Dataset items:
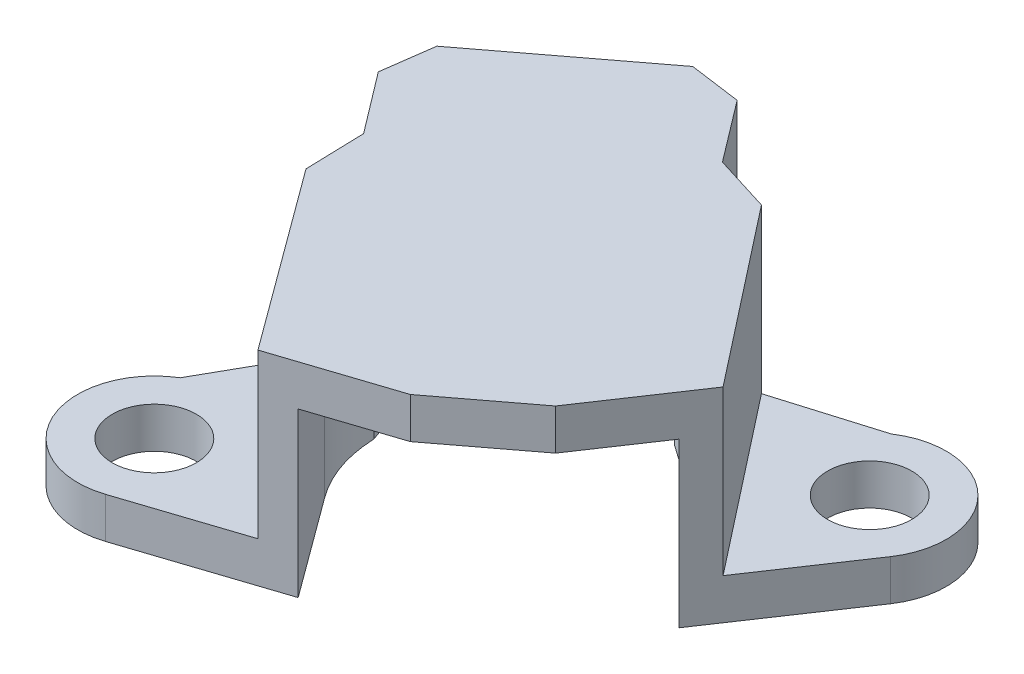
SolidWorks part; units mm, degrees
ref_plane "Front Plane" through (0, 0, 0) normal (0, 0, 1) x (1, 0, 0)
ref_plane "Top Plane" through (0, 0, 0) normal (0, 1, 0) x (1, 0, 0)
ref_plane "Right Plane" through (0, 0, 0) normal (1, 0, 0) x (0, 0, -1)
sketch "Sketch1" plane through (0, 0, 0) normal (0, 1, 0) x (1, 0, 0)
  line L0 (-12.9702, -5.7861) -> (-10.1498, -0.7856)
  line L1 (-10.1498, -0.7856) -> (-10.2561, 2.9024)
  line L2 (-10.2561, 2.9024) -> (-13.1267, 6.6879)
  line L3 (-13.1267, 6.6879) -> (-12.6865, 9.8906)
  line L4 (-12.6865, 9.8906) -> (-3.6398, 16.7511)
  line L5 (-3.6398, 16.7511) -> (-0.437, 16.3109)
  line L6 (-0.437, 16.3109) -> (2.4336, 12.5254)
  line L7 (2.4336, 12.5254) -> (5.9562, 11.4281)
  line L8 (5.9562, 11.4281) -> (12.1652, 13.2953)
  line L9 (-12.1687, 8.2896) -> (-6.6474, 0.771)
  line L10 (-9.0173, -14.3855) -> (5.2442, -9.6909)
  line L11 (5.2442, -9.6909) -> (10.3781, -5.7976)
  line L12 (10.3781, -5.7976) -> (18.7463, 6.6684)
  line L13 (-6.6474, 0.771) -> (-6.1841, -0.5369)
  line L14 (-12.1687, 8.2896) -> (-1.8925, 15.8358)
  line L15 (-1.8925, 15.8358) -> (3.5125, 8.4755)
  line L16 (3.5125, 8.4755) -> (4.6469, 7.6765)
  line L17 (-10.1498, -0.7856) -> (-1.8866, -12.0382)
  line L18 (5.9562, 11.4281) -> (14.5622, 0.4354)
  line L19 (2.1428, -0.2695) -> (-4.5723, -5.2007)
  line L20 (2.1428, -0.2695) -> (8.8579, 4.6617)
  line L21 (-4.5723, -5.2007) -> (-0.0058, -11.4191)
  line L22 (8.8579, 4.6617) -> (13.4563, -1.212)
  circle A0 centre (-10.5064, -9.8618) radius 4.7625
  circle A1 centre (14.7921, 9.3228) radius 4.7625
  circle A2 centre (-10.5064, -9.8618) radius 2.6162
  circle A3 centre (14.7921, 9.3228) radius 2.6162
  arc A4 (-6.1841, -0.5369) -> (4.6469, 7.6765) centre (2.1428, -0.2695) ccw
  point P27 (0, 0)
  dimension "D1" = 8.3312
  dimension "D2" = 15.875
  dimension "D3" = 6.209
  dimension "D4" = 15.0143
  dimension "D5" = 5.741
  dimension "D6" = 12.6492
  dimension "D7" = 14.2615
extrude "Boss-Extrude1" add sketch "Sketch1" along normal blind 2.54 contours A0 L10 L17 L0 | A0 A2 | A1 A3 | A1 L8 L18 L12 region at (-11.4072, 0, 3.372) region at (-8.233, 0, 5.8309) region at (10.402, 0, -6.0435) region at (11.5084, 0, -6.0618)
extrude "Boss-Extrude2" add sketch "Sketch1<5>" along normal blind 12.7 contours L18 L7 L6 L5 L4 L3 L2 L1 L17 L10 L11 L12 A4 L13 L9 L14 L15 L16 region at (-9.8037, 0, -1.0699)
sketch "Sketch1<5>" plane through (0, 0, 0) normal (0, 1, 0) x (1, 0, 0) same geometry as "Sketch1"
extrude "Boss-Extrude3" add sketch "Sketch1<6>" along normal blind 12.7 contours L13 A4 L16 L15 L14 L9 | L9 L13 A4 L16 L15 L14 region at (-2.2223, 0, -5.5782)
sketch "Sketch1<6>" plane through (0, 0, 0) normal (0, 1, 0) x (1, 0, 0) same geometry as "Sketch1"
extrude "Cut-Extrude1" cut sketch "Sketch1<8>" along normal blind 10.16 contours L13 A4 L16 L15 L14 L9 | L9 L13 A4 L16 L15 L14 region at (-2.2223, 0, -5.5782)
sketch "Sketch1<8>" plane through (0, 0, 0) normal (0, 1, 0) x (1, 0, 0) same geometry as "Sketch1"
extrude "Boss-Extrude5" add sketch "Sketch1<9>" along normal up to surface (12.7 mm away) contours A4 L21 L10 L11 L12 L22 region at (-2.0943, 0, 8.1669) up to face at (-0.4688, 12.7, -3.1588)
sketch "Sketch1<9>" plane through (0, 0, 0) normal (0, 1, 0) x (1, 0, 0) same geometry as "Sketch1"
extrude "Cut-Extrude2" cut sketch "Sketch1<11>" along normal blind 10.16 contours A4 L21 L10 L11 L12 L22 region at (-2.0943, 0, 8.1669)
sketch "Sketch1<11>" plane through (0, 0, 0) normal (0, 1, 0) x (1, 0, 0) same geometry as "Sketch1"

• [Problem]
Pick each line holding "same" out of the entries above and return it.

• [Answer space]
sketch "Sketch1<5>" plane through (0, 0, 0) normal (0, 1, 0) x (1, 0, 0) same geometry as "Sketch1"
sketch "Sketch1<6>" plane through (0, 0, 0) normal (0, 1, 0) x (1, 0, 0) same geometry as "Sketch1"
sketch "Sketch1<8>" plane through (0, 0, 0) normal (0, 1, 0) x (1, 0, 0) same geometry as "Sketch1"
sketch "Sketch1<9>" plane through (0, 0, 0) normal (0, 1, 0) x (1, 0, 0) same geometry as "Sketch1"
sketch "Sketch1<11>" plane through (0, 0, 0) normal (0, 1, 0) x (1, 0, 0) same geometry as "Sketch1"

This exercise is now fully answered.